The Fontan procedure is used in pediatric patients who possess only a single functional ventricle, either due to lack of a heart valve, an abnormality of the pumping ability of the heart, or a complex congenital heart disease where a bi-ventricular repair is impossible or inadvisable. The single ventricle is doing nearly twice the expected amount of work because it has to pump blood for the body and lungs. Patients typically present as neonates with cyanosis or congestive heart failure. Fontan completion is usually carried out when the patient is 2–5 years of age, but is also performed before 2 years of age.
Contraindications
After Fontan completion, blood must flow through the lungs without being pumped by the heart. Therefore, children with high pulmonary vascular resistance may not tolerate a Fontan procedure. Often, cardiac catheterization is performed to check the resistance before proceeding with the surgery. This is also the reason a Fontan procedure cannot be done immediately after birth; the pulmonary vascular resistance is high in utero and takes months to drop. Fontan procedure is also contraindicated in those with pulmonary artery hypoplasia, patients with left ventricular dysfunction and significant mitral insufficiency.
Types
There are four variations of the Fontan procedure:
Ventricularization of the Right Atrium
Atriopulmonary connection
Intracardiac total cavopulmonary connection
Extracardiac total cavopulmonary connection
Approach
The Fontan is usually done as a two staged repair. The first stage, also called a Bidirectional Glenn procedure or Hemi-Fontan, involves redirecting oxygen-poor blood from the top of the body to the lungs. That is, the pulmonary arteries are disconnected from their existing blood supply. The superior vena cava, which carries blood returning from the upper body, is disconnected from the heart and instead redirected into the pulmonary arteries. The inferior vena cava, which carries blood returning from the lower body, continues to connect to the heart. The second stage, also called Fontan Kreutzer completion, involves redirecting the blood from the IVC to the lungs. At this point, the oxygen-poor blood from upper and lower body flows through the lungs without being pumped. This corrects the hypoxia and leaves the single ventricle responsible only for supplying blood to the body.

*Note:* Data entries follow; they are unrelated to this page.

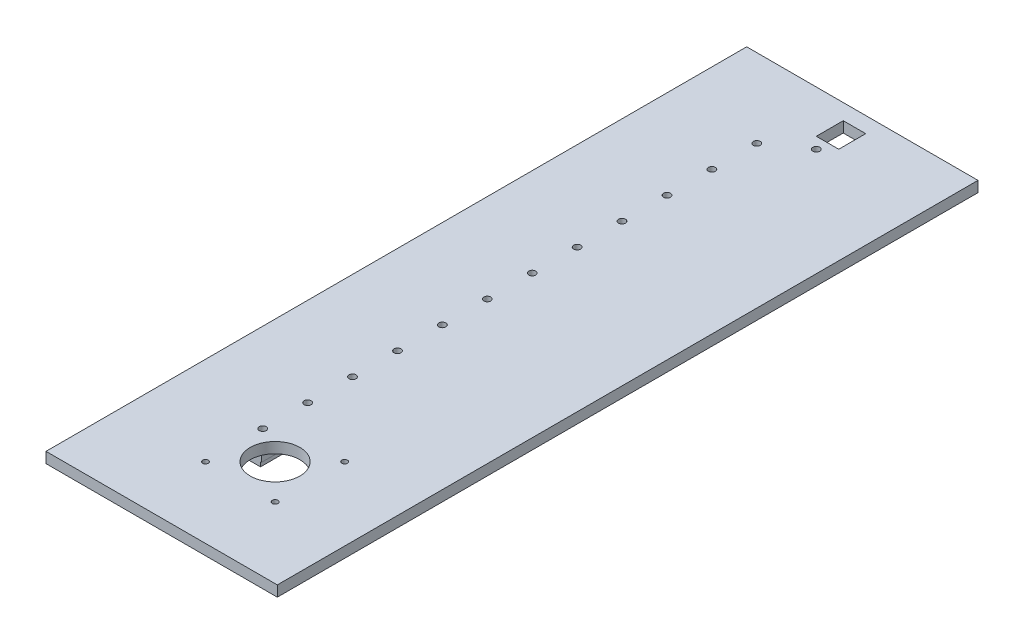
SolidWorks part; units mm, degrees
ref_plane "Front Plane" through (0, 0, 0) normal (0, 0, 1) x (1, 0, 0)
ref_plane "Top Plane" through (0, 0, 0) normal (0, 1, 0) x (1, 0, 0)
ref_plane "Right Plane" through (0, 0, 0) normal (1, 0, 0) x (0, 0, -1)
sketch "Sketch1" plane through (0, 0, 0) normal (0, 0, 1) x (1, 0, 0)
  line L1 (0, 0) -> (9, 0)
  line L2 (0, 0) -> (0, 5.5)
  line L3 (0, 5.5) -> (9, 5.5)
  line L4 (9, 0) -> (9, 5.5)
  line L5 (0, 0) -> (0.5, 0)
  line L6 (0, 0) -> (0, 2)
  line L7 (0, 2) -> (0.5, 2)
  line L8 (0.5, 0) -> (0.5, 2)
  line L9 (9, 0) -> (8.5, 0)
  line L10 (9, 0) -> (9, 2)
  line L11 (9, 2) -> (8.5, 2)
  line L12 (8.5, 0) -> (8.5, 2)
  dimension "D1" = 5.5
  dimension "D2" = 9
  dimension "D3" = 2
  dimension "D4" = 0.5
  dimension "D5" = 0.5
  dimension "D6" = 2
extrude "Boss-Extrude2" add sketch "Sketch1" along normal blind 230 contours L1 L12 L11 L4 L3 L2 L7 L8
sketch "Sketch2" plane through (0, 0, 0) normal (0, -1, 0) x (-1, 0, 0)
  line L0 (-0.5, -230) -> (-8.5, -230) construction
  line L2 (-4.5, -230) -> (-4.5, 0) construction
  line L3 (-0.5, 0) -> (-8.5, 0) construction
  circle A0 centre (-4.5, -225) radius 3
  dimension "D2" = 6
  dimension "D1" = 5
extrude "Cut-Extrude1" cut sketch "Sketch2" against normal blind 4
sketch "Sketch3" plane through (0, 4, 0) normal (0, -1, 0) x (-1, 0, 0)
  circle A0 centre (-4.5, -225) radius 1.55
  dimension "D1" = 3.1
extrude "Cut-Extrude2" cut sketch "Sketch3" against normal blind 4
pattern_linear "LPattern1" count 12 spacing 20 along (0, 0, -1) of "Cut-Extrude1", "Cut-Extrude2"
sketch "Sketch4" plane through (0, 5.5, 0) normal (0, 1, 0) x (1, 0, 0)
  line L0 (0, 0) -> (9, 0) construction
  line L1 (-35, 30) -> (68, 30)
  line L2 (-35, 30) -> (-35, -282)
  line L3 (-35, -282) -> (68, -282)
  line L4 (68, 30) -> (68, -282)
  line L5 (0, -230) -> (9, -230) construction
  line L6 (0, -230) -> (0, 0) construction
  line L7 (20, -235) -> (20, 19.9139) construction
  line L9 (25, 23) -> (15, 23)
  line L10 (25, 23) -> (25, 11)
  line L11 (25, 11) -> (15, 11)
  line L12 (15, 23) -> (15, 11)
  line L13 (25, 23) -> (15, 11) construction
  line L14 (25, 11) -> (15, 23) construction
  circle A0 centre (20, -235) radius 11.05
  circle A1 centre (20, 6) radius 1.55
  circle A2 centre (4.5, -5) radius 1.55 construction
  circle A3 centre (4.5, -25) radius 1.55 construction
  circle A4 centre (4.5, -45) radius 1.55 construction
  circle A5 centre (4.5, -65) radius 1.55 construction
  circle A6 centre (4.5, -85) radius 1.55 construction
  circle A7 centre (4.5, -105) radius 1.55 construction
  circle A8 centre (4.5, -125) radius 1.55 construction
  circle A9 centre (4.5, -145) radius 1.55 construction
  circle A10 centre (4.5, -165) radius 1.55 construction
  circle A11 centre (4.5, -185) radius 1.55 construction
  circle A12 centre (4.5, -205) radius 1.55 construction
  circle A13 centre (4.5, -225) radius 1.55 construction
  circle A14 centre (4.5, -225) radius 1.55
  circle A15 centre (4.5, -205) radius 1.55
  circle A16 centre (4.5, -185) radius 1.55
  circle A17 centre (4.5, -165) radius 1.55
  circle A18 centre (4.5, -145) radius 1.55
  circle A19 centre (4.5, -125) radius 1.55
  circle A20 centre (4.5, -105) radius 1.55
  circle A21 centre (4.5, -85) radius 1.55
  circle A22 centre (4.5, -65) radius 1.55
  circle A23 centre (4.5, -45) radius 1.55
  circle A24 centre (4.5, -25) radius 1.55
  circle A25 centre (4.5, -5) radius 1.55
  point P16 (20, 17)
  point P21 (20, 11)
  dimension "D7" = 22.1
  dimension "D11" = 5
  dimension "D12" = 3.1
  dimension "D1" = 312
  dimension "D2" = 30
  dimension "D3" = 103
  dimension "D4" = 35
  dimension "D5" = 5
  dimension "D6" = 20
  dimension "D8" = 241
  dimension "D9" = 12
  dimension "D10" = 10
extrude "Boss-Extrude3" add sketch "Sketch4" along normal blind 4.75
sketch "Sketch5" plane through (0, 10.25, 0) normal (0, 1, 0) x (1, 0, 0)
  line L4 (-35, 30) -> (-35, -282)
  line L5 (-35, -282) -> (68, -282)
  line L6 (68, -282) -> (68, 30)
  line L7 (68, 30) -> (-35, 30)
  line L8 (-35, 30) -> (-35, -282)
  line L9 (-35, -282) -> (68, -282)
  line L10 (68, -282) -> (68, 30)
  line L11 (68, 30) -> (-35, 30)
  circle A0 centre (35.5, -250.5) radius 1.25 construction
  circle A1 centre (4.5, -250.5) radius 1.25 construction
  circle A2 centre (35.5, -219.5) radius 1.25 construction
  circle A3 centre (4.5, -219.5) radius 1.25 construction
  circle A4 centre (35.5, -250.5) radius 1.25
  circle A5 centre (4.5, -250.5) radius 1.25
  circle A6 centre (35.5, -219.5) radius 1.25
  circle A7 centre (4.5, -219.5) radius 1.25
  point P16 (0, 0)
  point P17 (0, 0)
  point P18 (0, 0)
  dimension "D1" = 0
extrude "Cut-Extrude3" cut sketch "Sketch5" against normal blind 10 contours A4 | A6 | A5

Post-operative complications
In the short term, children can have trouble with pleural effusions. This can require a longer stay in the hospital for drainage with chest tubes. To address this risk, some surgeons make a fenestration from the venous circulation into the atrium. When the pressure in the veins is high, some of the oxygen-poor blood can escape through the fenestration to relieve the pressure. However, this results in hypoxia, so the fenestration may eventually need to be closed by an interventional cardiologist. In a 2016 review, Dr. Jack Rychik, head of the Single Ventricle Survivorship Program at Children's Hospital of Philadelphia summarized the long-term consequences of Fontan circulation as an "indolent and progressive state of heart failure" with predictable long term consequences on several organ systems. Chronic venous hypertension and lowered cardiac output are assumed to be at the root of lymphatic complications such as chylothorax, protein losing enteropathy and plastic bronchitis which may occur in the immediate post-operative period as well as in the medium term. New interventional and surgical strategies have been investigated to relief the lymphatic complications associated with the Fontan circulation. Concerns about damage to the liver have emerged more recently, as the Fontan circulation produces congestion and lymphedema in this organ which leads to progressive hepatic fibrosis. Screening protocols and treatment standards are emerging in the light of these discoveries. The Fontan procedure is palliative — not curative — but in nearly 70 % of the cases it can result in normal or near-normal growth, development, exercise tolerance, and good quality of life. However, in 20–30% of cases, patients will eventually require heart transplantation and given the long-term consequences of chronic venous hypertension and insidious organ damage, freedom from morbidity is unlikely in the long term.
History
The Fontan procedure was initially described in 1971 by Dr. Francis Fontan from Bordeaux, France. Prior to this, the surgical treatment for tricuspid atresia consisted of creating a shunt between a systemic artery and the pulmonary artery or the superior vena cava and the pulmonary artery. These procedures were associated with high mortality rates, commonly leading to death before the age of one year. In an attempt to improve this, Fontan was engaged in research between 1964 and 1966 endeavouring to fully redirect flow from the superior and inferior vena cavae to the pulmonary artery. His initial attempts in dogs were unsuccessful and all experimental animals died within a few hours; however, despite these failures, he successfully performed this operation in a young woman with tricuspid atresia in 1968 with Dr Eugene Baudet. The operation was completed on a second patient in 1970, and after a third case the series was published in the international journal Thorax in 1971. Dr. Guillermo Kreutzer from Buenos Aires, Argentina without any knowledge of Fontan's experience performed a similar procedure in july, 1971 without placing a valve in the Inferior Vena Cava inlet and introducing the concept of "fenestration" leaving a small Atrial septal to serve as a pop-off valve for the circulation.